Problem => If a line comes after the one containing "k_gx = 10*M_RB/0.01", leave it out; copy every line before it, and that line too, exactly as written, starting from the first line of the entries.

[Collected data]
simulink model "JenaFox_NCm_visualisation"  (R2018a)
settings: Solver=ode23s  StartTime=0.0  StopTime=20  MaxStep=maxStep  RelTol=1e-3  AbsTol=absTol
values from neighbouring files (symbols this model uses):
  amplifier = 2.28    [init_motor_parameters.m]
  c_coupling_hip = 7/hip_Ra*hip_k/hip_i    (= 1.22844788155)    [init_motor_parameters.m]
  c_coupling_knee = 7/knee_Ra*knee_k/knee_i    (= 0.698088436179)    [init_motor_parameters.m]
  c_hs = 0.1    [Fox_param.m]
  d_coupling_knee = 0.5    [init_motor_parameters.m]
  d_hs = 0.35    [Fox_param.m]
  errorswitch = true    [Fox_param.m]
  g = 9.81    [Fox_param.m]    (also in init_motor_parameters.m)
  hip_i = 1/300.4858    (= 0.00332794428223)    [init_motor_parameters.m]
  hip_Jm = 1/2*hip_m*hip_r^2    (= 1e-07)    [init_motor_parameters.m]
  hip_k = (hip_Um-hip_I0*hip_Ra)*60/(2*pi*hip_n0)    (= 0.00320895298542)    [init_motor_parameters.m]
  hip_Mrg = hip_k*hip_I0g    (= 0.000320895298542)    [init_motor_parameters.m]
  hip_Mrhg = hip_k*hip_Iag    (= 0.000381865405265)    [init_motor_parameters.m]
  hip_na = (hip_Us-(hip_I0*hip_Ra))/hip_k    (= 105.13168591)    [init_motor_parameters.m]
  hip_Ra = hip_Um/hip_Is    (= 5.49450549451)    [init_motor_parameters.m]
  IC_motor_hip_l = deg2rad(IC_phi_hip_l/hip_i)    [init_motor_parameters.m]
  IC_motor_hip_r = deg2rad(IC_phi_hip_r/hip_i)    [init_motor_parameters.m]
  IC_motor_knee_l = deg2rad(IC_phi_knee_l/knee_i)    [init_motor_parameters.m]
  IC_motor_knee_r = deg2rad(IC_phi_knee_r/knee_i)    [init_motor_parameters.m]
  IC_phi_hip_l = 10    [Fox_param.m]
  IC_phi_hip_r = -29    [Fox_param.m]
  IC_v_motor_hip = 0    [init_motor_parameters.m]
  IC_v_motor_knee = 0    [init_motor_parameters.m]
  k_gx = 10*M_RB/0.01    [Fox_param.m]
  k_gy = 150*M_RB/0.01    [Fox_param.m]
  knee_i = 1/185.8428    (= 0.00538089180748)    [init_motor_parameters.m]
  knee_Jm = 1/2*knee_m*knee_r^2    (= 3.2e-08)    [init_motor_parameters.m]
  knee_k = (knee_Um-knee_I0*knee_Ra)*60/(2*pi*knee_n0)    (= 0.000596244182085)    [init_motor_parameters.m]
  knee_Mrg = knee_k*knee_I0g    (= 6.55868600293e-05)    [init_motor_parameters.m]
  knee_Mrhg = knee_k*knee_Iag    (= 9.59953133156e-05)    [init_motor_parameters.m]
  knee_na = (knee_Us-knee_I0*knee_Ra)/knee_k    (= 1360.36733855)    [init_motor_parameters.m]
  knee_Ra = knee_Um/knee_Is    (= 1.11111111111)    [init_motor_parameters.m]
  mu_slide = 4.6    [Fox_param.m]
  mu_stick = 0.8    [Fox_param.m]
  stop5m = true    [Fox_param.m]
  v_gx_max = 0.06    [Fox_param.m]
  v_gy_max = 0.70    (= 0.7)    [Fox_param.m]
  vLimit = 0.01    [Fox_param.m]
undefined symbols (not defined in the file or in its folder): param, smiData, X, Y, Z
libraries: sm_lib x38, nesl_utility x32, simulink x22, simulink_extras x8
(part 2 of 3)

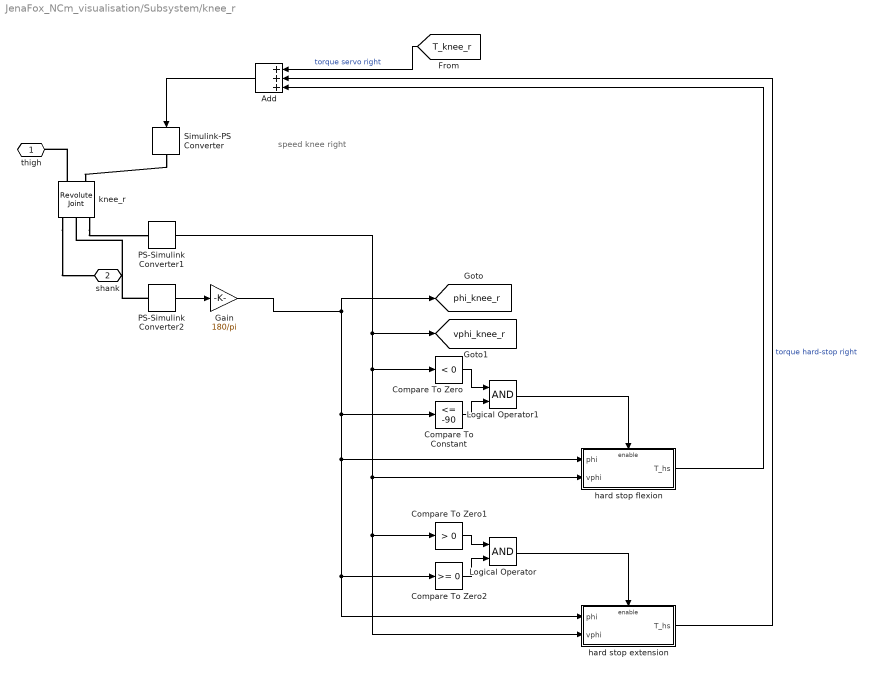
== system JenaFox_NCm_visualisation/Subsystem/knee_r ==
  note: speed knee right
  Add : Sum  Inputs=+++
  Compare To Constant : simulink/Logic and Bit Operations/Compare To Constant  relop=<=  const=-90  OutDataTypeStr=uint8
  Compare To Zero : simulink/Logic and Bit Operations/Compare To Zero  relop=<  OutDataTypeStr=uint8  ZeroCross=off
  Compare To Zero1 : simulink/Logic and Bit Operations/Compare To Zero  relop=>  OutDataTypeStr=uint8  ZeroCross=off
  Compare To Zero2 : simulink/Logic and Bit Operations/Compare To Zero  relop=>=  OutDataTypeStr=uint8
  Gain : Gain  Gain=180/pi
  Logical Operator : Logic  AllPortsSameDT=off  OutDataTypeStr=boolean
  Logical Operator1 : Logic  AllPortsSameDT=off  OutDataTypeStr=boolean
  PS-Simulink Converter1 : nesl_utility/PS-Simulink Converter  PhysicalDomain=network_engine_domain  SubClassName=ps_output  LeftPortType=input  RightPortType=output  PseudoPeriodic=off  Frequencies=[]  Unit=1  AffineConversion=off
  PS-Simulink Converter2 : nesl_utility/PS-Simulink Converter  PhysicalDomain=network_engine_domain  SubClassName=ps_output  LeftPortType=input  RightPortType=output  PseudoPeriodic=off  Frequencies=[]  Unit=1  AffineConversion=off
  Simulink-PS Converter : nesl_utility/Simulink-PS Converter  PhysicalDomain=network_engine_domain  SubClassName=ps_input  LeftPortType=input  RightPortType=output  PseudoPeriodic=off  Frequencies=[]  NoiseDistribution=none  NoiseParameters=[]  Unit=1  AffineConversion=off  FilteringAndDerivatives=provide  SimscapeFilterOrder=1  InputFilterTimeConstant=0.001  UdotUserProvided=0
  hard stop extension : Subsystem  TreatAsAtomicUnit=on
  hard stop flexion : Subsystem  TreatAsAtomicUnit=on
  knee_r : sm_lib/Joints/Revolute Joint  SenseConstraintForce=off  SenseConstraintForceX=off  SenseConstraintForceY=off  SenseConstraintForceZ=off  SenseConstraintTorque=off  SenseConstraintTorqueX=off  SenseConstraintTorqueY=off  SenseConstraintTorqueZ=off  SenseTotalForce=off  SenseTotalForceX=off  SenseTotalForceY=off  SenseTotalForceZ=off  SenseTotalTorque=off  SenseTotalTorqueX=off  SenseTotalTorqueY=off  SenseTotalTorqueZ=off  CompositeWrenchDir=FollowerOnBase  CompositeWrenchFrame=BaseFrame  EquilibriumPosition=0  EquilibriumPositionUnits=rad  SpringStiffness=0  SpringStiffnessUnits=N*m/rad  DampingCoefficient=d_joint  DampingCoefficientUnits=N*m/(rad/s)  TorqueActuationMode=InputTorque  MotionActuationMode=ComputedMotion  SensePosition=on  SenseVelocity=on  SenseAcceleration=off  SenseTorqueForce=off  PositionTargetSpecify=on  PositionTargetPriority=High  PositionTargetValue=IC_phi_knee_r  PositionTargetValueUnits=deg  VelocityTargetSpecify=off  VelocityTargetPriority=High  VelocityTargetValue=0  VelocityTargetValueUnits=deg/s
  thigh : PMIOPort  Side=Left
  shank : PMIOPort  Port=2  Side=Right
  tag scope: phi_knee_r=global, vphi_knee_r=global
  wires:
  Compare To Constant/1 -> Logical Operator1/2
  PS-Simulink Converter2/1 -> Gain/1
  hard stop extension/1(T_hs) -> Add/2  "torque hard-stop right"
  Compare To Zero1/1 -> Logical Operator/1
  Logical Operator1/1 -> hard stop flexion/Enable
  Logical Operator/1 -> hard stop extension/Enable
  Add/1 -> Simulink-PS Converter/1
  Compare To Zero/1 -> Logical Operator1/1
  PS-Simulink Converter1/1 -> [vphi_knee_r], Compare To Zero/1, hard stop flexion/2(vphi), Compare To Zero1/1, hard stop extension/2(vphi)
  hard stop flexion/1(T_hs) -> Add/3
  Compare To Zero2/1 -> Logical Operator/2
  [T_knee_r] -> Add/1  "torque servo right"
  Gain/1 -> [phi_knee_r], Compare To Constant/1, hard stop flexion/1(phi), Compare To Zero2/1, hard stop extension/1(phi)
  connections:
  Simulink-PS Converter/RConn1 -- knee_r/LConn2
  knee_r/RConn1 -- shank/RConn1
  PS-Simulink Converter2/LConn1 -- knee_r/RConn2
  knee_r/RConn3 -- PS-Simulink Converter1/LConn1
  knee_r/LConn1 -- thigh/RConn1

== system JenaFox_NCm_visualisation/Subsystem/shank_bottom_l ==
  Rigid Transform : sm_lib/Frames and Transforms/Rigid Transform  TranslationMethod=None  TranslationStandardOffset=0  TranslationLengthUnit=m  TranslationStandardAxis=+Z  TranslationCartesianOffset=[0 0 0]  TranslationROffset=0  TranslationROffsetUnits=m  TranslationZOffset=0  TranslationZOffsetUnits=m  TranslationThetaOffset=0  TranslationThetaOffsetUnits=deg  RotationMethod=AlignedAxes  RotationAngleUnits=deg  RotationStandardAxis=+Z  RotationAngle=0.0  RotationArbitraryAxis=[0 0 1]  FollAlignAxisA=+X  BaseAlignAxisA=-X  FollAlignAxisB=+Z  BaseAlignAxisB=+Y  RotationSequenceAxes=FollowerAxes  RotationSequence=XYX  RotationSequenceAngles=[0 0 0]  RotationSequenceAnglesUnits=deg  RotationMatrix=[1 0 0; 0 1 0; 0 0 1]
  Solid : sm_lib/Body Elements/Solid  InertiaType=Custom  Mass=smiData.Solid(4).mass  MassUnits=kg  CenterOfMass=smiData.Solid(4).CoM  CenterOfMassUnits=mm  MomentsOfInertia=smiData.Solid(4).MoI  MomentsOfInertiaUnits=kg*mm^2  ProductsOfInertia=smiData.Solid(4).PoI  ProductsOfInertiaUnits=kg*mm^2  DensityBased=on  Density=1000  DensityUnits=kg/m^3  DoExposeReferenceFrame=on  SerializedFrames=<Frames><Frame><Id>Frame1</Id><Value><Name>ground_contact</Name><Origin><Source>GeometricFeature</Source><FeatureName>circular curve 105</FeatureName></Origin><PrimaryAxis><DefinedDirection>+Y</DefinedDirection><Source>ReferenceFrame</Source><SourceDirection>-Y</SourceDirection><FeatureName></FeatureName></PrimaryAxis><SecondaryAxis><DefinedDirection>+X</DefinedDirection><Source>ReferenceFrame</Source><SourceDirection>+X</SourceDirection><FeatureName></FeatureName></SecondaryAxis></Value></Frame><Frame><Id>Frame2</Id><Value><Name>spring_bottom</Name><Origin><Source>GeometricFeature</Source><FeatureName>circular curve 81</FeatureName></Origin><PrimaryAxis><DefinedDirection>+Y</DefinedDirection><Source>ReferenceFrame</Source><SourceDirection>-Y</SourceDirection><FeatureName></FeatureName></PrimaryAxis><SecondaryAxis><DefinedDirection>+X</DefinedDirection><Source>ReferenceFrame</Source><SourceDirection>+X</SourceDirection><FeatureName></FeatureName></SecondaryAxis></Value></Frame></Frames>  GraphicType=FromGeometry  MarkerShape=Sphere  MarkerSize=10  GraphicVisPropType=SimpleVisualProperties  GraphicDiffuseColor=smiData.Solid(4).color  GraphicSpecularColor=[0.5 0.5 0.5 1.0]  GraphicAmbientColor=[0.15 0.15 0.15 1.0]  GraphicEmissiveColor=[0.0 0.0 0.0 1.0]  GraphicShininess=75  GraphicOpacity=smiData.Solid(4).opacity  GeometryShape=FromFile  RectangleSize=[1 1]  RectangleSizeUnits=m  BrickDimensions=[1 1 1]  BrickDimensionUnits=m  CylinderRadius=1  CylinderRadiusUnits=m  CylinderLength=1  CylinderLengthUnits=m  SphereRadius=1  SphereRadiusUnits=m  EllipsoidRadii=[1 1 1]  EllipsoidRadiiUnits=m  ExtrusionCrossSection=[1 1; -1 1; -1 -1; 1 -1]  ExtrusionCrossSectionUnits=m  ExtrusionLength=1  ExtrusionLengthUnits=m  PolygonNumSides=3  PolygonOuterRadius=1  PolygonOuterRadiusUnits=m  ExtGeomFileType=STEP  ExtGeomFileName=shank_bottom_ipt_92530788.STEP  ExtGeomFileUnits=m  RevolutionCrossSection=[1 1; 1 -1; 2 -1; 2 1]  RevolutionCrossSectionUnits=m  RevolutionExtent=Full  RevolutionAngle=180  RevolutionAngleUnits=deg
  linear elastic joint : PMIOPort  Side=Left
  toe : PMIOPort  Port=2  Side=Right
  spring_bottom : PMIOPort  Port=3  Side=Left
  connections:
  toe/RConn1 -- Solid/LConn1
  linear elastic joint/RConn1 -- Rigid Transform/RConn1 -- spring_bottom/RConn1
  Rigid Transform/LConn1 -- Solid/LConn2

== system JenaFox_NCm_visualisation/Subsystem/shank_bottom_r ==
  Rigid Transform : sm_lib/Frames and Transforms/Rigid Transform  TranslationMethod=None  TranslationStandardOffset=0  TranslationLengthUnit=m  TranslationStandardAxis=+Z  TranslationCartesianOffset=[0 0 0]  TranslationROffset=0  TranslationROffsetUnits=m  TranslationZOffset=0  TranslationZOffsetUnits=m  TranslationThetaOffset=0  TranslationThetaOffsetUnits=deg  RotationMethod=AlignedAxes  RotationAngleUnits=deg  RotationStandardAxis=+Z  RotationAngle=0.0  RotationArbitraryAxis=[0 0 1]  FollAlignAxisA=+X  BaseAlignAxisA=+X  FollAlignAxisB=+Z  BaseAlignAxisB=+Y  RotationSequenceAxes=FollowerAxes  RotationSequence=XYX  RotationSequenceAngles=[0 0 0]  RotationSequenceAnglesUnits=deg  RotationMatrix=[1 0 0; 0 1 0; 0 0 1]
  Solid : sm_lib/Body Elements/Solid  InertiaType=Custom  Mass=smiData.Solid(4).mass  MassUnits=kg  CenterOfMass=smiData.Solid(4).CoM  CenterOfMassUnits=mm  MomentsOfInertia=smiData.Solid(4).MoI  MomentsOfInertiaUnits=kg*mm^2  ProductsOfInertia=smiData.Solid(4).PoI  ProductsOfInertiaUnits=kg*mm^2  DensityBased=on  Density=1000  DensityUnits=kg/m^3  DoExposeReferenceFrame=off  SerializedFrames=<Frames><Frame><Id>Frame1</Id><Value><Name>ground_contact</Name><Origin><Source>GeometricFeature</Source><FeatureName>circular curve 105</FeatureName></Origin><PrimaryAxis><DefinedDirection>+Y</DefinedDirection><Source>ReferenceFrame</Source><SourceDirection>-Y</SourceDirection><FeatureName></FeatureName></PrimaryAxis><SecondaryAxis><DefinedDirection>+X</DefinedDirection><Source>ReferenceFrame</Source><SourceDirection>+X</SourceDirection><FeatureName></FeatureName></SecondaryAxis></Value></Frame><Frame><Id>Frame2</Id><Value><Name>spring_bottom</Name><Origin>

Answer space =>
simulink model "JenaFox_NCm_visualisation"  (R2018a)
settings: Solver=ode23s  StartTime=0.0  StopTime=20  MaxStep=maxStep  RelTol=1e-3  AbsTol=absTol
values from neighbouring files (symbols this model uses):
  amplifier = 2.28    [init_motor_parameters.m]
  c_coupling_hip = 7/hip_Ra*hip_k/hip_i    (= 1.22844788155)    [init_motor_parameters.m]
  c_coupling_knee = 7/knee_Ra*knee_k/knee_i    (= 0.698088436179)    [init_motor_parameters.m]
  c_hs = 0.1    [Fox_param.m]
  d_coupling_knee = 0.5    [init_motor_parameters.m]
  d_hs = 0.35    [Fox_param.m]
  errorswitch = true    [Fox_param.m]
  g = 9.81    [Fox_param.m]    (also in init_motor_parameters.m)
  hip_i = 1/300.4858    (= 0.00332794428223)    [init_motor_parameters.m]
  hip_Jm = 1/2*hip_m*hip_r^2    (= 1e-07)    [init_motor_parameters.m]
  hip_k = (hip_Um-hip_I0*hip_Ra)*60/(2*pi*hip_n0)    (= 0.00320895298542)    [init_motor_parameters.m]
  hip_Mrg = hip_k*hip_I0g    (= 0.000320895298542)    [init_motor_parameters.m]
  hip_Mrhg = hip_k*hip_Iag    (= 0.000381865405265)    [init_motor_parameters.m]
  hip_na = (hip_Us-(hip_I0*hip_Ra))/hip_k    (= 105.13168591)    [init_motor_parameters.m]
  hip_Ra = hip_Um/hip_Is    (= 5.49450549451)    [init_motor_parameters.m]
  IC_motor_hip_l = deg2rad(IC_phi_hip_l/hip_i)    [init_motor_parameters.m]
  IC_motor_hip_r = deg2rad(IC_phi_hip_r/hip_i)    [init_motor_parameters.m]
  IC_motor_knee_l = deg2rad(IC_phi_knee_l/knee_i)    [init_motor_parameters.m]
  IC_motor_knee_r = deg2rad(IC_phi_knee_r/knee_i)    [init_motor_parameters.m]
  IC_phi_hip_l = 10    [Fox_param.m]
  IC_phi_hip_r = -29    [Fox_param.m]
  IC_v_motor_hip = 0    [init_motor_parameters.m]
  IC_v_motor_knee = 0    [init_motor_parameters.m]
  k_gx = 10*M_RB/0.01    [Fox_param.m]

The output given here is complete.